### YOUR ASSIGNMENT:
Give back, exactly as written, the lines of the listing from the top through the line holding "Klient --|> Osoba", and nothing more. Exclude pictures.

### GIVEN ENTRIES:
───
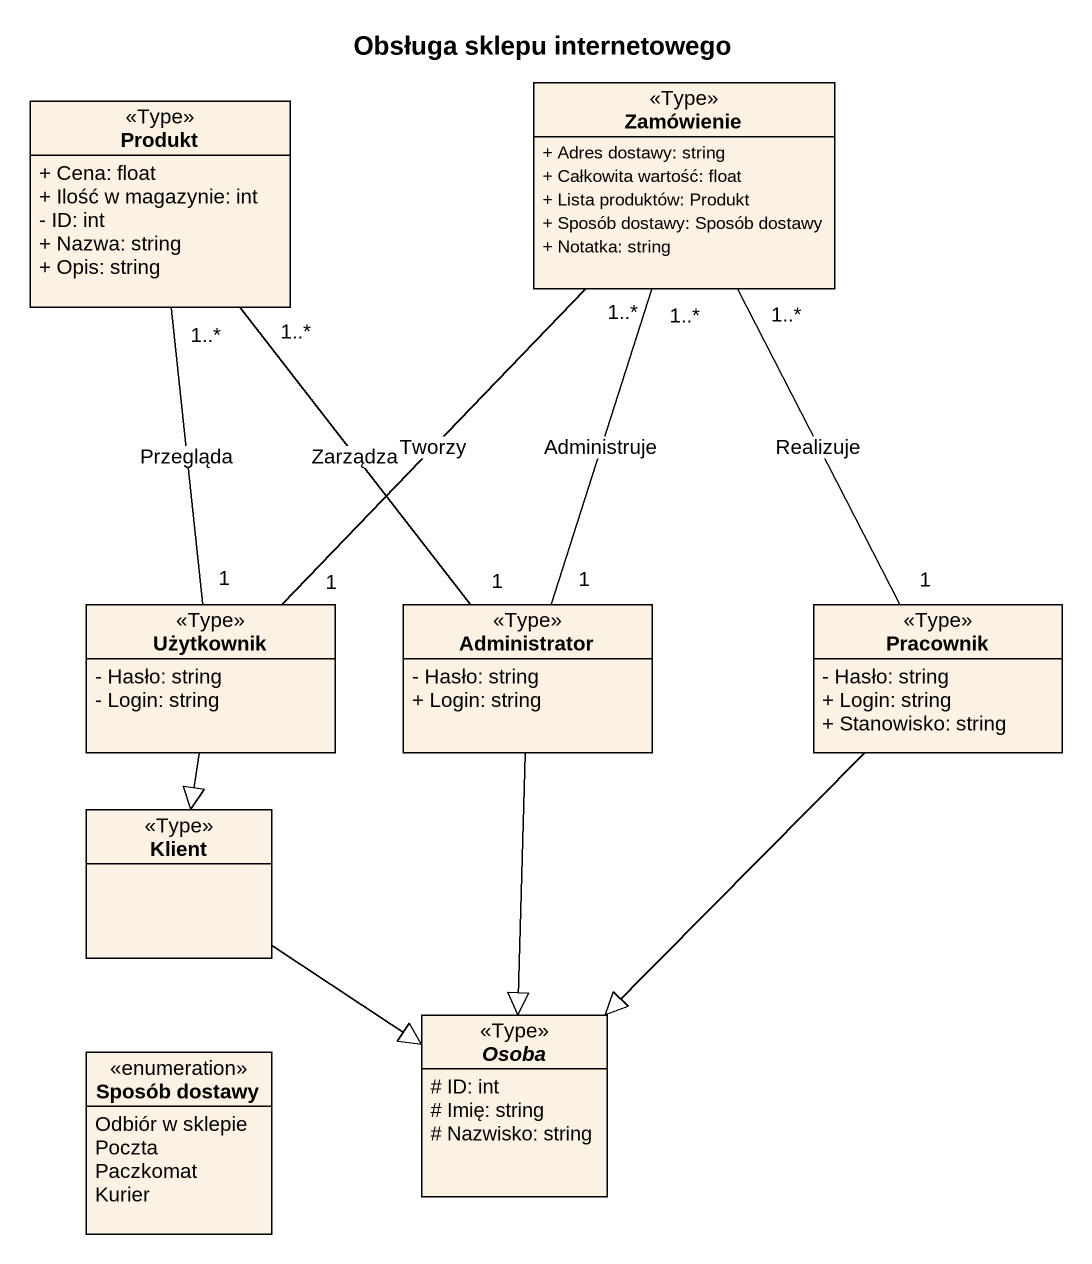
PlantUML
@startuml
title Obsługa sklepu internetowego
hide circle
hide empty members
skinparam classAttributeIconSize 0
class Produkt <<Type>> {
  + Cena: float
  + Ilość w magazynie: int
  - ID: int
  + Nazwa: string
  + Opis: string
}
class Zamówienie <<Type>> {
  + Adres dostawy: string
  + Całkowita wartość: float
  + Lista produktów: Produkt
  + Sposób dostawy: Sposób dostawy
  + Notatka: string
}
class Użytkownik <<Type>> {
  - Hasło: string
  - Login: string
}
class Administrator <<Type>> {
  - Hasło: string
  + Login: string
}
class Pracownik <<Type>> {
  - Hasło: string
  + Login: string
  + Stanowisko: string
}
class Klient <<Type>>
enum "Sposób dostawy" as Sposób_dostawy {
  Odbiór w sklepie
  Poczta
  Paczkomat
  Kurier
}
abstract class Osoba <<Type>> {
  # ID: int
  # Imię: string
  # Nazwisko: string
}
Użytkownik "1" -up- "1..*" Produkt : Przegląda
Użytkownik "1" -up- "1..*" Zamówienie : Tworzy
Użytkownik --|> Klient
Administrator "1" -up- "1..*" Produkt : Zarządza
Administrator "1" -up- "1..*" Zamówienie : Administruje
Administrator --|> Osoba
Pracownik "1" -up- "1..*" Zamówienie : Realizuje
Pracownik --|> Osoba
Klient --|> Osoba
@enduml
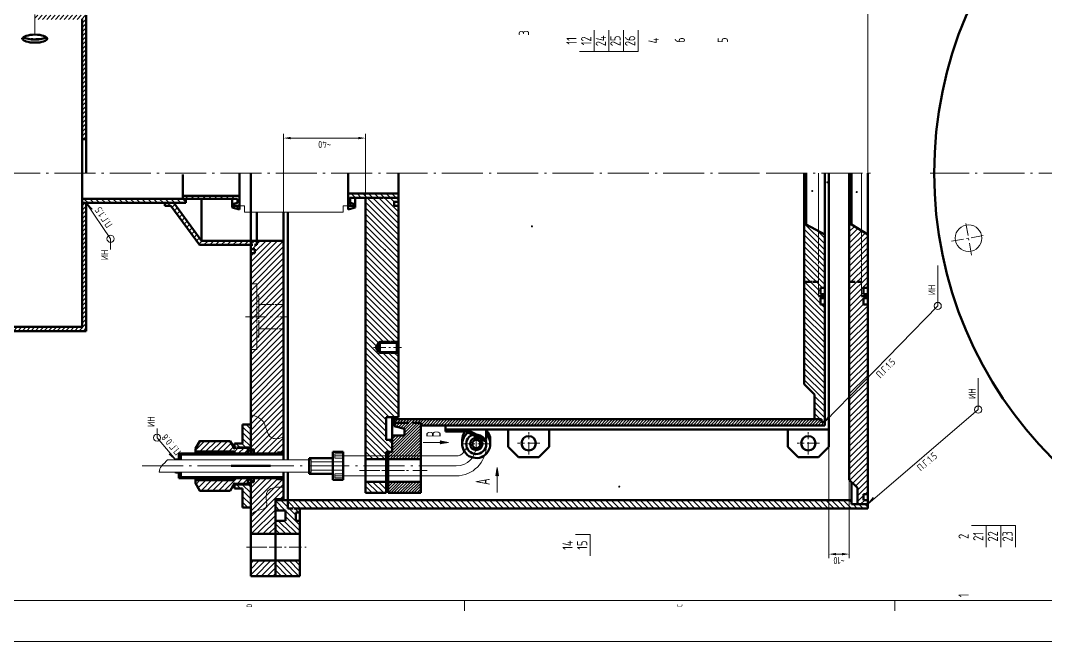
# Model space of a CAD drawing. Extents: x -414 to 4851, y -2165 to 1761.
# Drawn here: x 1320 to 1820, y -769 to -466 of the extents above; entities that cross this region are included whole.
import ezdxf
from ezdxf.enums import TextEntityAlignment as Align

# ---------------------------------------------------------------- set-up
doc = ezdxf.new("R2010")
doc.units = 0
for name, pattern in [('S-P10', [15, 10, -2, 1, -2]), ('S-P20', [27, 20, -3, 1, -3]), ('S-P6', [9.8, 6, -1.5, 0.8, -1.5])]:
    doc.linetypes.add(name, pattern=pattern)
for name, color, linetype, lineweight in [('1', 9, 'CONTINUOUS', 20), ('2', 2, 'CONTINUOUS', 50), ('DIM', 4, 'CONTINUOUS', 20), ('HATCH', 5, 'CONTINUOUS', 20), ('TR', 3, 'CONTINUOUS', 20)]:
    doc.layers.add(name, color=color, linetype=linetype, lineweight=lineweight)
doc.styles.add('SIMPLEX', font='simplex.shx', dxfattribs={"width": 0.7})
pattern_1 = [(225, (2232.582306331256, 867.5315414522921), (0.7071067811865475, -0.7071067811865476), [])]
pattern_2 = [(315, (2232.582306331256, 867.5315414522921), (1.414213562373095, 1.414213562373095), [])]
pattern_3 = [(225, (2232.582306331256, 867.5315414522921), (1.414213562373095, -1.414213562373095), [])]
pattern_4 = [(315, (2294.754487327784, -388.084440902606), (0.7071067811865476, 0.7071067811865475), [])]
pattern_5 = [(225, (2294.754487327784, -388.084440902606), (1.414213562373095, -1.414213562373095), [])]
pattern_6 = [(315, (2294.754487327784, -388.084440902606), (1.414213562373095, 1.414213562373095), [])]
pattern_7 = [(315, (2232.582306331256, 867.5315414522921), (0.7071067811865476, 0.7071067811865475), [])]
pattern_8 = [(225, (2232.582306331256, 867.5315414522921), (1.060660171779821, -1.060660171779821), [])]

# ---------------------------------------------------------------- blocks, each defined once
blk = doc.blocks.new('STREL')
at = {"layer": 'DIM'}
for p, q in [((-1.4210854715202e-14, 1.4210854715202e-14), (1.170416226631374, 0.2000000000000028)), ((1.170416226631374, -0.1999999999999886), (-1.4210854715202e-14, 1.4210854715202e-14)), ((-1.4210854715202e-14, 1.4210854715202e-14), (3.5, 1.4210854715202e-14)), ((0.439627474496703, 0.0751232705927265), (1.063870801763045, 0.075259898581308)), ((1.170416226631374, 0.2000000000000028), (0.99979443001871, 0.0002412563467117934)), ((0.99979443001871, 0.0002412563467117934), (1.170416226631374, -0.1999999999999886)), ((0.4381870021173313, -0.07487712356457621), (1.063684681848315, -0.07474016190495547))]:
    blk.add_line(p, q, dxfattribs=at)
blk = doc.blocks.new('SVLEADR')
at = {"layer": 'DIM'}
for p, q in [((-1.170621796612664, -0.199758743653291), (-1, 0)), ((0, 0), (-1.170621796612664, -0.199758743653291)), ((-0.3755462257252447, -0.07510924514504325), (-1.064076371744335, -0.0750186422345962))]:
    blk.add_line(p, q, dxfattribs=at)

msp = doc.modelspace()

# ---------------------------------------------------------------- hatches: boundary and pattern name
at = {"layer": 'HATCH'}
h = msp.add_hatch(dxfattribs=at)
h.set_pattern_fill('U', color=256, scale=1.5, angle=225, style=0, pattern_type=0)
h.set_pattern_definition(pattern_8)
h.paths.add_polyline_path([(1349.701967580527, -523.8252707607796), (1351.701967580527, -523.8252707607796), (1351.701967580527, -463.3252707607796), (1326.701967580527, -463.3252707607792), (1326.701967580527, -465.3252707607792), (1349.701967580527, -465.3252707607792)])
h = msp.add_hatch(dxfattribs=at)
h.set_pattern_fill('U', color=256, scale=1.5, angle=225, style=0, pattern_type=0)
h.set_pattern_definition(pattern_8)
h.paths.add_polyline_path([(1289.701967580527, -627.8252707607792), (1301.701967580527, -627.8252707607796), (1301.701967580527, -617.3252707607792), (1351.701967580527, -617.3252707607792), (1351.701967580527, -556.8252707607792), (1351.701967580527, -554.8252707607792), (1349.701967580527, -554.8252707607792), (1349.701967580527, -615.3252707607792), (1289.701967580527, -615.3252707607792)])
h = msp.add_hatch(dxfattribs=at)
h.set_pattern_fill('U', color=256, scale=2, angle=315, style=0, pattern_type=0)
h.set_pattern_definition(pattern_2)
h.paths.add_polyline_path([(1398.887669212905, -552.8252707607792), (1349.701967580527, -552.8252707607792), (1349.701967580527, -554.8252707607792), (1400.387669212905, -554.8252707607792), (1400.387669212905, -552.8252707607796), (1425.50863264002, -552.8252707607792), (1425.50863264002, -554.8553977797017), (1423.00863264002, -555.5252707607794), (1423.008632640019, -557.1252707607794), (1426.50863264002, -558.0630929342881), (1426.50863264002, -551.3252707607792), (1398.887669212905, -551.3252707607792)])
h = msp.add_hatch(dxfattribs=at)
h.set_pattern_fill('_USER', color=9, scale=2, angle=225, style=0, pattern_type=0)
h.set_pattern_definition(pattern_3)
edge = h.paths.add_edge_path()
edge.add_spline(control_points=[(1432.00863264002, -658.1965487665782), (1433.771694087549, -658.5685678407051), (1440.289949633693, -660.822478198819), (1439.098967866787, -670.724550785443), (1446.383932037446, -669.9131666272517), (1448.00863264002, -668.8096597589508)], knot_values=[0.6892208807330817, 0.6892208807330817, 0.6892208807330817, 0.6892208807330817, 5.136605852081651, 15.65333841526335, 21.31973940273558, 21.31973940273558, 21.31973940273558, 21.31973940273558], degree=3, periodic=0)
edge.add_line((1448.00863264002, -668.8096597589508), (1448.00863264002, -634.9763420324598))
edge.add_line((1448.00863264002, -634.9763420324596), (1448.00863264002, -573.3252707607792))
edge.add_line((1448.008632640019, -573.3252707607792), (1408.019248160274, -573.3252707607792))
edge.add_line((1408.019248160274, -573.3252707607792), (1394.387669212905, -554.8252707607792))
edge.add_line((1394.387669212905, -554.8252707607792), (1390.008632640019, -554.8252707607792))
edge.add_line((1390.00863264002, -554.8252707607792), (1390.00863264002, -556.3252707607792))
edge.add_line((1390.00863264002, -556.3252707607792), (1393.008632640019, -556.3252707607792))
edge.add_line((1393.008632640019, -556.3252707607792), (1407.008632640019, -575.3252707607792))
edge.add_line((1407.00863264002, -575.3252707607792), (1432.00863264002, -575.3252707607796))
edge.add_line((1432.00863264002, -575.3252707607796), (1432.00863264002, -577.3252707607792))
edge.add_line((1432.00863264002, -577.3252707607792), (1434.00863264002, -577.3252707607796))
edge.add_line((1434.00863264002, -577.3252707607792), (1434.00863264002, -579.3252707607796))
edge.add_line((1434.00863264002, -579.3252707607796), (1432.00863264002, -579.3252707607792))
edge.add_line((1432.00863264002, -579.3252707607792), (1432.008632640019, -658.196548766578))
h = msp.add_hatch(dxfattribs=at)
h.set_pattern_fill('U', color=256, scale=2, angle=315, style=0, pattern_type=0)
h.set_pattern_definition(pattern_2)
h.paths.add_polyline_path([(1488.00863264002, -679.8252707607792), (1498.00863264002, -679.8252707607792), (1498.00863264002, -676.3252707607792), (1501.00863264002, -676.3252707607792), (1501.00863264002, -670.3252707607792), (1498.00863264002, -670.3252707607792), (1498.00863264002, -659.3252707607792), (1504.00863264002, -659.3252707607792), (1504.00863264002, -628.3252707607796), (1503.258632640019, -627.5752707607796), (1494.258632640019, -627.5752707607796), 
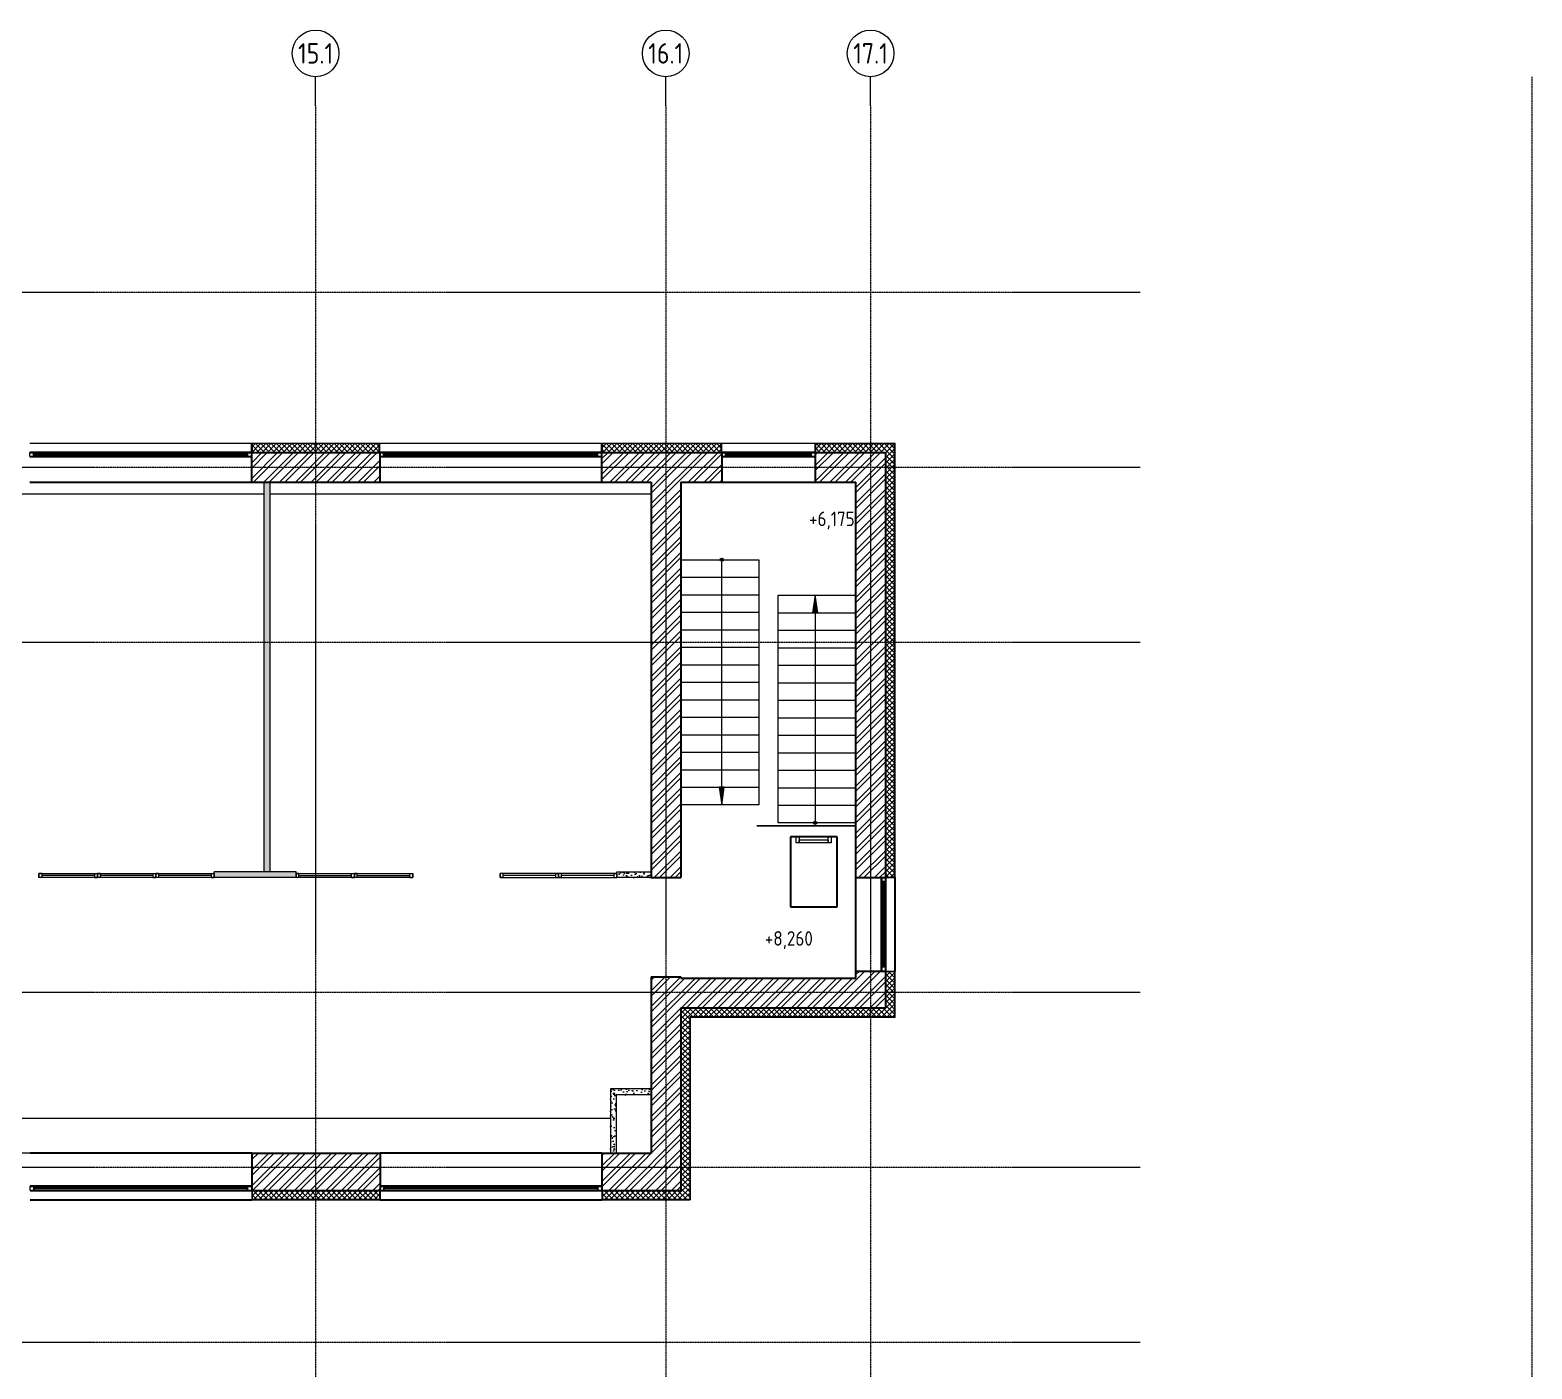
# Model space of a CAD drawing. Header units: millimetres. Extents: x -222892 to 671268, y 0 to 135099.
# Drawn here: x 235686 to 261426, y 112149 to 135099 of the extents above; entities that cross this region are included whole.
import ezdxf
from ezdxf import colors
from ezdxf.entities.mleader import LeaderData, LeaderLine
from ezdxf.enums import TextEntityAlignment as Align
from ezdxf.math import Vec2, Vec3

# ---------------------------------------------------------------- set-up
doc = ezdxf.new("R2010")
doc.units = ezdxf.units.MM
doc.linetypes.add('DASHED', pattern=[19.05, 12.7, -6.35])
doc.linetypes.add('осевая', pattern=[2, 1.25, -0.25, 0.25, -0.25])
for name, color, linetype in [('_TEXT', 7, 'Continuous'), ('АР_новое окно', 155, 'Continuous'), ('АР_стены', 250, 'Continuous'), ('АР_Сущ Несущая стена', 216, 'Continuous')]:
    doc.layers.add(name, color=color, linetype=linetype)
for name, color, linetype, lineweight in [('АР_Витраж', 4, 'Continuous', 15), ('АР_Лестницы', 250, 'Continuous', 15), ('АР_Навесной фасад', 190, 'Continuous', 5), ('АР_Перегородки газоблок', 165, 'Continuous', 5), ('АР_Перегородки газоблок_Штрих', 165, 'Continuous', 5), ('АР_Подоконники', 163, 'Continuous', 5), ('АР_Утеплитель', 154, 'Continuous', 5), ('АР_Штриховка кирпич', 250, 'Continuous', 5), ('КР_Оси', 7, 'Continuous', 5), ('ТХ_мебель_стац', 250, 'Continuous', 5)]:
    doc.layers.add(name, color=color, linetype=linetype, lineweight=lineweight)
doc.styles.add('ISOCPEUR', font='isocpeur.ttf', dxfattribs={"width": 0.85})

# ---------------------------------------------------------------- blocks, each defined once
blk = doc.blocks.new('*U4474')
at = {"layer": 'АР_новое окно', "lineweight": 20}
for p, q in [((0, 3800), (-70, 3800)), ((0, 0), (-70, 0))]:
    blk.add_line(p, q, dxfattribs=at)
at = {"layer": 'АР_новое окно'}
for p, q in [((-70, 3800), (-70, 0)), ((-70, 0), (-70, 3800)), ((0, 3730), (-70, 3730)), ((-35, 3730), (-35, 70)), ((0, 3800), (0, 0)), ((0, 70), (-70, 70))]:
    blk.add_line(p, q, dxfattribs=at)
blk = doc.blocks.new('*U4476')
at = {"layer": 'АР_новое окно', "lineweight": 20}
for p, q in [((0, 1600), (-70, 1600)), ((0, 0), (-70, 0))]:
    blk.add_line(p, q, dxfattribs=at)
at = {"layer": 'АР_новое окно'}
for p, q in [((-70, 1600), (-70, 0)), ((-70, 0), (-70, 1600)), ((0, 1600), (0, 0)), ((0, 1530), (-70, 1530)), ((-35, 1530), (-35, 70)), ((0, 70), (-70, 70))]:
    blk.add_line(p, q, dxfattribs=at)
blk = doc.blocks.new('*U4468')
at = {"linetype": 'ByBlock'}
───
### SOLUTION TO THE EXERCISE:
PlantUML
@startuml
title Obsługa sklepu internetowego
hide circle
hide empty members
skinparam classAttributeIconSize 0
class Produkt <<Type>> {
  + Cena: float
  + Ilość w magazynie: int
  - ID: int
  + Nazwa: string
  + Opis: string
}
class Zamówienie <<Type>> {
  + Adres dostawy: string
  + Całkowita wartość: float
  + Lista produktów: Produkt
  + Sposób dostawy: Sposób dostawy
  + Notatka: string
}
class Użytkownik <<Type>> {
  - Hasło: string
  - Login: string
}
class Administrator <<Type>> {
  - Hasło: string
  + Login: string
}
class Pracownik <<Type>> {
  - Hasło: string
  + Login: string
  + Stanowisko: string
}
class Klient <<Type>>
enum "Sposób dostawy" as Sposób_dostawy {
  Odbiór w sklepie
  Poczta
  Paczkomat
  Kurier
}
abstract class Osoba <<Type>> {
  # ID: int
  # Imię: string
  # Nazwisko: string
}
Użytkownik "1" -up- "1..*" Produkt : Przegląda
Użytkownik "1" -up- "1..*" Zamówienie : Tworzy
Użytkownik --|> Klient
Administrator "1" -up- "1..*" Produkt : Zarządza
Administrator "1" -up- "1..*" Zamówienie : Administruje
Administrator --|> Osoba
Pracownik "1" -up- "1..*" Zamówienie : Realizuje
Pracownik --|> Osoba
Klient --|> Osoba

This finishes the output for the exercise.